**TASK BRIEF**
Instruction for the data below: set down exactly the lines from the line with "## Relationships (133: Mate 128, Angle 5)" to the line with "- Mate:5: XL,XC-330:1 ↔ Motor_Base:1", inclusive, and no others.

**EXERCISE INPUTS**
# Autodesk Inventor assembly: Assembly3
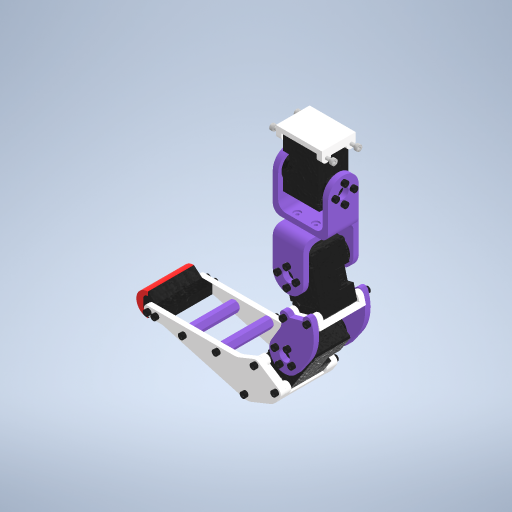
[picture p0: Inventor's stored thumbnail of the model, 512x512]
Saved by Autodesk Inventor 2024 (Build 280153000, 153)
## iProperties
Created: 2024-06-02
Part Number: Assembly3
Document SubType Name: Assembly
Designer: Hemant
Author: Hemant
## iProperties of the stored document DC15_A01_CASE_M_DUMMY.ipt
Created: 2020-07-27
Part Number: DC15_A01_CASE_M_DUMMY
Material: Generic
Description: NOT SPECIFIED
Document SubType Name: Modeling
Designer: Hemant
Mass: 9.54609 g
Surface Area: 36.4084 cm^2
Volume: 9.54609 cm^3
Density: 1 g/cm^3
Appearance: Default
Author: Hemant
Revision Number: 7LAST_VERSION
## iProperties of the stored document PHS_1_7X20_5_DC10.ipt
Created: 2020-07-27
Part Number: PHS_1_7X20_5_DC10
Material: Generic
Description: NOT SPECIFIED
Document SubType Name: Modeling
Designer: Hemant
Density: 1 g/cm^3
Appearance: Default
Author: Hemant
Revision Number: 3LAST_VERSION
## iProperties of the stored document DC15_A01_HORN_DUMMY.ipt
Created: 2020-07-27
Part Number: DC15_A01_HORN_DUMMY
Material: Generic
Description: NOT SPECIFIED
Document SubType Name: Modeling
Designer: Hemant
Density: 1 g/cm^3
Appearance: Default
Author: Hemant
Revision Number: 17LAST_VERSION
## iProperties of the stored document BTS2_M2_6X8.ipt
Created: 2020-07-27
Part Number: BTS2_M2_6X8
Material: Generic
Description: NOT SPECIFIED
Document SubType Name: Modeling
Designer: Hemant
Density: 1 g/cm^3
Appearance: Default
Author: Hemant
Revision Number: 5LAST_VERSION
## iProperties of the stored document DC15_A01_HORN_IDLE2_DUMMY.ipt
Created: 2020-07-27
Part Number: DC15_A01_HORN_IDLE2_DUMMY
Material: Generic
Description: NOT SPECIFIED
Document SubType Name: Modeling
Designer: Hemant
Density: 1 g/cm^3
Appearance: Default
Author: Hemant
Revision Number: 2LAST_VERSION
## iProperties of the stored document XL,XC-330.iam
Created: 2020-07-27
Part Number: DC15_A01_DUMMY_ASSY_IDLE_ASM
Document SubType Name: Assembly
Designer: Hemant
Sending System: CREO PARAMETRIC BY PTC INC, 2019224
Preprocessor: CREO PARAMETRIC BY PTC INC, 2019224
Title: DC15_A01_DUMMY_ASSY_IDLE_ASM
Author: yunever
Revision Number: 9LAST_VERSION
## iProperties of the stored document DC15_A01_CASE_F_DUMMY.ipt
Created: 2020-07-27
Part Number: DC15_A01_CASE_F_DUMMY
Material: Generic
Description: NOT SPECIFIED
Document SubType Name: Modeling
Designer: Hemant
Density: 1 g/cm^3
Appearance: Default
Author: Hemant
Revision Number: 5LAST_VERSION
## iProperties of the stored document DC15_A01_IDLE_CAP_DUMMY.ipt
Created: 2020-07-27
Part Number: DC15_A01_IDLE_CAP_DUMMY
Material: Generic
Description: NOT SPECIFIED
Document SubType Name: Modeling
Designer: Hemant
Density: 1 g/cm^3
Appearance: Default
Author: Hemant
Revision Number: 2LAST_VERSION
## iProperties of the stored document DC15_A01_CASE_B_DUMMY.ipt
Created: 2020-07-27
Part Number: DC15_A01_CASE_B_DUMMY
Material: Generic
Description: NOT SPECIFIED
Document SubType Name: Modeling
Designer: Hemant
Density: 1 g/cm^3
Appearance: Default
Mass: 2.59492 g
Surface Area: 23.2234 cm^2
Volume: 2.59492 cm^3
Author: Hemant
Revision Number: 8LAST_VERSION
## iProperties of the stored document B3B-EH.ipt
Created: 2020-07-27
Part Number: B3B-EH
Material: Generic
Description: NOT SPECIFIED
Document SubType Name: Modeling
Designer: Hemant
Density: 1 g/cm^3
Appearance: Default
Author: Hemant
Revision Number: 2LAST_VERSION
## iProperties of the stored document DC15_A01_LED_CAP2_DUMMY.ipt
Created: 2020-07-27
Part Number: DC15_A01_LED_CAP2_DUMMY
Material: Generic
Description: NOT SPECIFIED
Document SubType Name: Modeling
Designer: Hemant
Density: 1 g/cm^3
Appearance: Default
Author: Hemant
Revision Number: 3LAST_VERSION
## Documents named in this file (22)
- C:\Users\Hemant\Desktop\Studies\MS Proj\V1\Leg_assembly_V2.iam
- **C:\Users\Hemant\Desktop\Studies\MS Proj\V1\Leg_assembly_V2.iam*LocalDocs*xAaaaaedaAaaaaaaaAaaaqztbHd*XL,XC-330.iam
- C:\Users\Hemant\Desktop\Studies\MS Proj\V1\Motor_Bracket.ipt
- C:\Users\Hemant\Desktop\Studies\MS Proj\V1\Motor_Base.ipt
- C:\Users\Hemant\Desktop\Studies\MS Proj\V1\Tibia_Femur_Connect.ipt
- C:\Users\Hemant\Desktop\Studies\MS Proj\V1\Standoff.ipt
- C:\Users\Hemant\Desktop\Studies\MS Proj\V1\socket head cap screw_iso_ISO 4762 M2 x 5 --- 5S.ipt
- C:\Users\Hemant\Desktop\Studies\MS Proj\V1\Tibia_V2.ipt
- C:\Users\Hemant\Desktop\Studies\MS Proj\V1\Foot_V1.ipt
- C:\Users\Hemant\Desktop\Studies\MS Proj\V1\TPU_FootGrip.ipt
- C:\Users\Hemant\Desktop\Studies\MS Proj\XL,XC-330.stp
- **C:\Users\Hemant\Desktop\Studies\MS Proj\V1\Assembly3.iam*LocalDocs*xAaaaaedaAaaaaaaaAaaaqzd4Uh*DC15_A01_CASE_M_DUMMY.ipt
- **C:\Users\Hemant\Desktop\Studies\MS Proj\V1\Assembly3.iam*LocalDocs*xAaaaa1caAaaaaaaaAaaaaeqcGe*PHS_1_7X20_5_DC10.ipt
- **C:\Users\Hemant\Desktop\Studies\MS Proj\V1\Assembly3.iam*LocalDocs*xAaaaa0caAaaaaaaaAaaaan2dPg*DC15_A01_HORN_DUMMY.ipt
- **C:\Users\Hemant\Desktop\Studies\MS Proj\V1\Assembly3.iam*LocalDocs*xAaaaaabaAaaaaaaaAaaaag1aQf*BTS2_M2_6X8.ipt
- **C:\Users\Hemant\Desktop\Studies\MS Proj\V1\Assembly3.iam*LocalDocs*xAaaaalaaAaaaaaaaAaaaqc1fQc*DC15_A01_HORN_IDLE2_DUMMY.ipt
- **C:\Users\Hemant\Desktop\Studies\MS Proj\V1\Assembly3.iam*LocalDocs*xAaaaaedaAaaaaaaaAaaaqztbHd*XL,XC-330.iam
- **C:\Users\Hemant\Desktop\Studies\MS Proj\V1\Assembly3.iam*LocalDocs*xAaaaqebaAaaaaaaaAaaaamr1Rh*DC15_A01_CASE_F_DUMMY.ipt
- **C:\Users\Hemant\Desktop\Studies\MS Proj\V1\Assembly3.iam*LocalDocs*xAaaaqhbaAaaaaaaaAaaaqpykVc*DC15_A01_CASE_B_DUMMY.ipt
- **C:\Users\Hemant\Desktop\Studies\MS Proj\V1\Assembly3.iam*LocalDocs*xAaaaqkcaAaaaaaaaAaaaa1g0If*DC15_A01_LED_CAP2_DUMMY.ipt
- **C:\Users\Hemant\Desktop\Studies\MS Proj\V1\Assembly3.iam*LocalDocs*xAaaaazdaAaaaaaaaAaaaawueFb*DC15_A01_IDLE_CAP_DUMMY.ipt
- **C:\Users\Hemant\Desktop\Studies\MS Proj\V1\Assembly3.iam*LocalDocs*xAaaaqfcaAaaaaaaaAaaaawcvTg*B3B-EH.ipt
## Components (59 placed, 9 different names)
1. XL,XC-330:1 [sub-assembly] — Mate:1, Mate:2_Supress, Mate:3, Mate:4, Mate:5, Mate:6, Angle:3_Supress
2. Motor_Bracket:2 — Mate:1, Mate:2_Supress, Mate:3, Mate:7, Mate:8, Mate:9, Mate:60, Mate:61, Mate:62, Mate:63, Mate:78, Mate:79, Mate:80, Mate:81, Mate:88, Mate:89, Mate:90, Mate:91, Mate:100, Mate:101, Mate:102, Mate:103
3. Motor_Base:1 — Mate:4, Mate:5, Mate:6, Mate:10, Mate:11, Mate:12, Mate:13, Mate:14, Mate:15
4. Motor_Bracket:3 — Mate:7, Mate:8, Mate:9, Mate:16, Mate:17, Mate:26_Supress, Angle:3_Supress, Mate:64, Mate:65, Mate:66, Mate:67, Mate:74, Mate:75, Mate:76, Mate:77
5. Tibia_Femur_Connect:1 — Mate:11, Mate:14, Mate:15, Mate:19, Mate:92, Mate:93, Mate:94, Mate:95, Mate:96, Mate:97, Mate:98, Mate:99, Mate:108, Mate:109, Mate:110, Mate:111
6. Tibia_Femur_Connect:2 — Mate:10, Mate:12, Mate:13, Mate:18, Angle:2_Supress, Mate:56, Mate:57, Mate:58, Mate:59, Mate:70, Mate:71, Mate:72, Mate:73, Mate:84, Mate:85, Mate:86, Mate:87
7. XL,XC-330:2 [sub-assembly] — Mate:16, Mate:17, Angle:1, Mate:26_Supress, Mate:33, Mate:34, Mate:35
8. XL,XC-330:3 [sub-assembly] — Mate:18, Mate:19, Angle:2_Supress, Mate:20, Mate:21, Mate:22
9. Motor_Base:2 — Mate:20, Mate:21, Mate:22, Mate:122, Mate:123, Mate:124, Mate:127, Mate:128, Mate:129
10. Motor_Base:3 — Mate:33, Mate:34, Mate:35, Mate:68, Mate:69, Mate:82, Mate:83, Mate:116, Mate:117, Mate:120, Mate:121, Angle:4_Supress
11. Standoff:1 — Mate:130, Mate:131
12. socket head cap screw_iso_ISO 4762 M2 x 5 --- 5S:2 — Mate:144, Mate:151
13. socket head cap screw_iso_ISO 4762 M2 x 5 --- 5S:3 — Mate:145, Mate:154
14. socket head cap screw_iso_ISO 4762 M2 x 5 --- 5S:4 — Mate:146, Mate:152
15. socket head cap screw_iso_ISO 4762 M2 x 5 --- 5S:5 — Mate:140, Mate:166
16. socket head cap screw_iso_ISO 4762 M2 x 5 --- 5S:6 — Mate:139, Mate:167
17. socket head cap screw_iso_ISO 4762 M2 x 5 --- 5S:7 — Mate:84, Mate:87
18. socket head cap screw_iso_ISO 4762 M2 x 5 --- 5S:8 — Mate:85, Mate:86
19. socket head cap screw_iso_ISO 4762 M2 x 5 --- 5S:9 — Mate:58, Mate:72
20. socket head cap screw_iso_ISO 4762 M2 x 5 --- 5S:10 — Mate:61, Mate:81
21. socket head cap screw_iso_ISO 4762 M2 x 5 --- 5S:11 — Mate:60, Mate:78
22. socket head cap screw_iso_ISO 4762 M2 x 5 --- 5S:12 — Mate:57, Mate:73
23. socket head cap screw_iso_ISO 4762 M2 x 5 --- 5S:13 — Mate:64, Mate:77
24. socket head cap screw_iso_ISO 4762 M2 x 5 --- 5S:14 — Mate:65, Mate:74
25. socket head cap screw_iso_ISO 4762 M2 x 5 --- 5S:15 — Mate:90, Mate:101
26. socket head cap screw_iso_ISO 4762 M2 x 5 --- 5S:16 — Mate:91, Mate:102
27. socket head cap screw_iso_ISO 4762 M2 x 5 --- 5S:17 — Mate:62, Mate:79
28. socket head cap screw_iso_ISO 4762 M2 x 5 --- 5S:18 — Mate:68, Mate:82
29. socket head cap screw_iso_ISO 4762 M2 x 5 --- 5S:19 — Mate:69, Mate:83
30. socket head cap screw_iso_ISO 4762 M2 x 5 --- 5S:20 — Mate:63, Mate:80
31. socket head cap screw_iso_ISO 4762 M2 x 5 --- 5S:21 — Mate:66, Mate:76
32. socket head cap screw_iso_ISO 4762 M2 x 5 --- 5S:22 — Mate:67, Mate:75
33. socket head cap screw_iso_ISO 4762 M2 x 5 --- 5S:23 — Mate:88, Mate:100
34. socket head cap screw_iso_ISO 4762 M2 x 5 --- 5S:24 — Mate:89, Mate:103
35. socket head cap screw_iso_ISO 4762 M2 x 5 --- 5S:25 — Mate:92, Mate:99
36. socket head cap screw_iso_ISO 4762 M2 x 5 --- 5S:26 — Mate:93, Mate:98
37. socket head cap screw_iso_ISO 4762 M2 x 5 --- 5S:27 — Mate:94, Mate:97
38. socket head cap screw_iso_ISO 4762 M2 x 5 --- 5S:28 — Mate:95, Mate:96
39. socket head cap screw_iso_ISO 4762 M2 x 5 --- 5S:30 — Mate:156, Mate:159
40. socket head cap screw_iso_ISO 4762 M2 x 5 --- 5S:31 — Mate:56, Mate:71
41. socket head cap screw_iso_ISO 4762 M2 x 5 --- 5S:32 — Mate:59, Mate:70
42. socket head cap screw_iso_ISO 4762 M2 x 5 --- 5S:35 — Mate:116, Mate:120
43. socket head cap screw_iso_ISO 4762 M2 x 5 --- 5S:36 — Mate:117, Mate:121
44. socket head cap screw_iso_ISO 4762 M2 x 5 --- 5S:37 — Mate:142, Mate:169
45. socket head cap screw_iso_ISO 4762 M2 x 5 --- 5S:38 — Mate:141, Mate:168
46. socket head cap screw_iso_ISO 4762 M2 x 5 --- 5S:39 — Mate:109, Mate:111
47. socket head cap screw_iso_ISO 4762 M2 x 5 --- 5S:40 — Mate:108, Mate:110
48. Tibia_V2:1 — Mate:127, Mate:128, Mate:129, Mate:131, Angle:4_Supress, Mate:137, Mate:139, Mate:140, Mate:144, Mate:145, Mate:146, Mate:151, Mate:152, Mate:154, Mate:166, Mate:167, Mate:171, Mate:172, Mate:178, Mate:179, Mate:180, Mate:181, Angle:5
49. Tibia_V2:2 — Mate:122, Mate:123, Mate:124, Mate:130, Mate:136, Mate:138, Mate:141, Mate:142, Mate:156, Mate:159, Mate:160, Mate:161, Mate:164, Mate:165, Mate:168, Mate:169, Mate:170, Mate:173, Mate:174, Mate:175, Mate:176, Mate:177
50. Foot_V1:1 — Mate:136, Mate:137, Mate:138, Mate:148, Mate:149, Mate:150
51. TPU_FootGrip:1 — Mate:148, Mate:149, Mate:150
52. socket head cap screw_iso_ISO 4762 M2 x 5 --- 5S:41 — Mate:160, Mate:164
53. socket head cap screw_iso_ISO 4762 M2 x 5 --- 5S:42 — Mate:161, Mate:165
54. Standoff:2 — Mate:170, Mate:171, Angle:5
55. socket head cap screw_iso_ISO 4762 M2 x 5 --- 5S:43 — Mate:175, Mate:177
56. socket head cap screw_iso_ISO 4762 M2 x 5 --- 5S:44 — Mate:179, Mate:181
57. Standoff:3 — Mate:172, Mate:173
58. socket head cap screw_iso_ISO 4762 M2 x 5 --- 5S:45 — Mate:174, Mate:176
59. socket head cap screw_iso_ISO 4762 M2 x 5 --- 5S:46 — Mate:178, Mate:180
## Relationships (133: Mate 128, Angle 5)
- Mate:1: XL,XC-330:1 ↔ Motor_Bracket:2
- Mate:2_Supress: XL,XC-330:1 ↔ Motor_Bracket:2
- Mate:3: XL,XC-330:1 ↔ Motor_Bracket:2
- Mate:4: XL,XC-330:1 ↔ Motor_Base:1
- Mate:5: XL,XC-330:1 ↔ Motor_Base:1
- Mate:6: XL,XC-330:1 ↔ Motor_Base:1
- Mate:7: Motor_Bracket:2 ↔ Motor_Bracket:3
- Mate:8: Motor_Bracket:2 ↔ Motor_Bracket:3
- Mate:9: Motor_Bracket:2 ↔ Motor_Bracket:3
- Mate:10: Motor_Base:1 ↔ Tibia_Femur_Connect:2
- Mate:11: Motor_Base:1 ↔ Tibia_Femur_Connect:1
- Mate:12: Motor_Base:1 ↔ Tibia_Femur_Connect:2
- Mate:13: Motor_Base:1 ↔ Tibia_Femur_Connect:2
- Mate:14: Motor_Base:1 ↔ Tibia_Femur_Connect:1
- Mate:15: Motor_Base:1 ↔ Tibia_Femur_Connect:1
- Mate:16: Motor_Bracket:3 ↔ XL,XC-330:2
- Mate:17: Motor_Bracket:3 ↔ XL,XC-330:2
- Angle:1 (0 deg): XL,XC-330:2
- Mate:18: Tibia_Femur_Connect:2 ↔ XL,XC-330:3
- Mate:19 (0.5 mm): Tibia_Femur_Connect:1 ↔ XL,XC-330:3
- Angle:2_Supress (0 deg): Tibia_Femur_Connect:2 ↔ XL,XC-330:3
- Mate:20: XL,XC-330:3 ↔ Motor_Base:2
- Mate:21: XL,XC-330:3 ↔ Motor_Base:2
- Mate:22: XL,XC-330:3 ↔ Motor_Base:2
- Mate:26_Supress: Motor_Bracket:3 ↔ XL,XC-330:2
- Angle:3_Supress (0 deg): XL,XC-330:1 ↔ Motor_Bracket:3
- Mate:33: XL,XC-330:2 ↔ Motor_Base:3
- Mate:34: XL,XC-330:2 ↔ Motor_Base:3
- Mate:35: XL,XC-330:2 ↔ Motor_Base:3
- Mate:56: Tibia_Femur_Connect:2 ↔ socket head cap screw_iso_ISO 4762 M2 x 5 --- 5S:31
- Mate:57: Tibia_Femur_Connect:2 ↔ socket head cap screw_iso_ISO 4762 M2 x 5 --- 5S:12
- Mate:58: Tibia_Femur_Connect:2 ↔ socket head cap screw_iso_ISO 4762 M2 x 5 --- 5S:9
- Mate:59: Tibia_Femur_Connect:2 ↔ socket head cap screw_iso_ISO 4762 M2 x 5 --- 5S:32
- Mate:60: Motor_Bracket:2 ↔ socket head cap screw_iso_ISO 4762 M2 x 5 --- 5S:11
- Mate:61: Motor_Bracket:2 ↔ socket head cap screw_iso_ISO 4762 M2 x 5 --- 5S:10
- Mate:62: Motor_Bracket:2 ↔ socket head cap screw_iso_ISO 4762 M2 x 5 --- 5S:17
- Mate:63: Motor_Bracket:2 ↔ socket head cap screw_iso_ISO 4762 M2 x 5 --- 5S:20
- Mate:64: Motor_Bracket:3 ↔ socket head cap screw_iso_ISO 4762 M2 x 5 --- 5S:13
- Mate:65: Motor_Bracket:3 ↔ socket head cap screw_iso_ISO 4762 M2 x 5 --- 5S:14
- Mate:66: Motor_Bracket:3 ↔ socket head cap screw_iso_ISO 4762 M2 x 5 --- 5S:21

**SOLUTION TO THIS EXERCISE**
## Relationships (133: Mate 128, Angle 5)
- Mate:1: XL,XC-330:1 ↔ Motor_Bracket:2
- Mate:2_Supress: XL,XC-330:1 ↔ Motor_Bracket:2
- Mate:3: XL,XC-330:1 ↔ Motor_Bracket:2
- Mate:4: XL,XC-330:1 ↔ Motor_Base:1
- Mate:5: XL,XC-330:1 ↔ Motor_Base:1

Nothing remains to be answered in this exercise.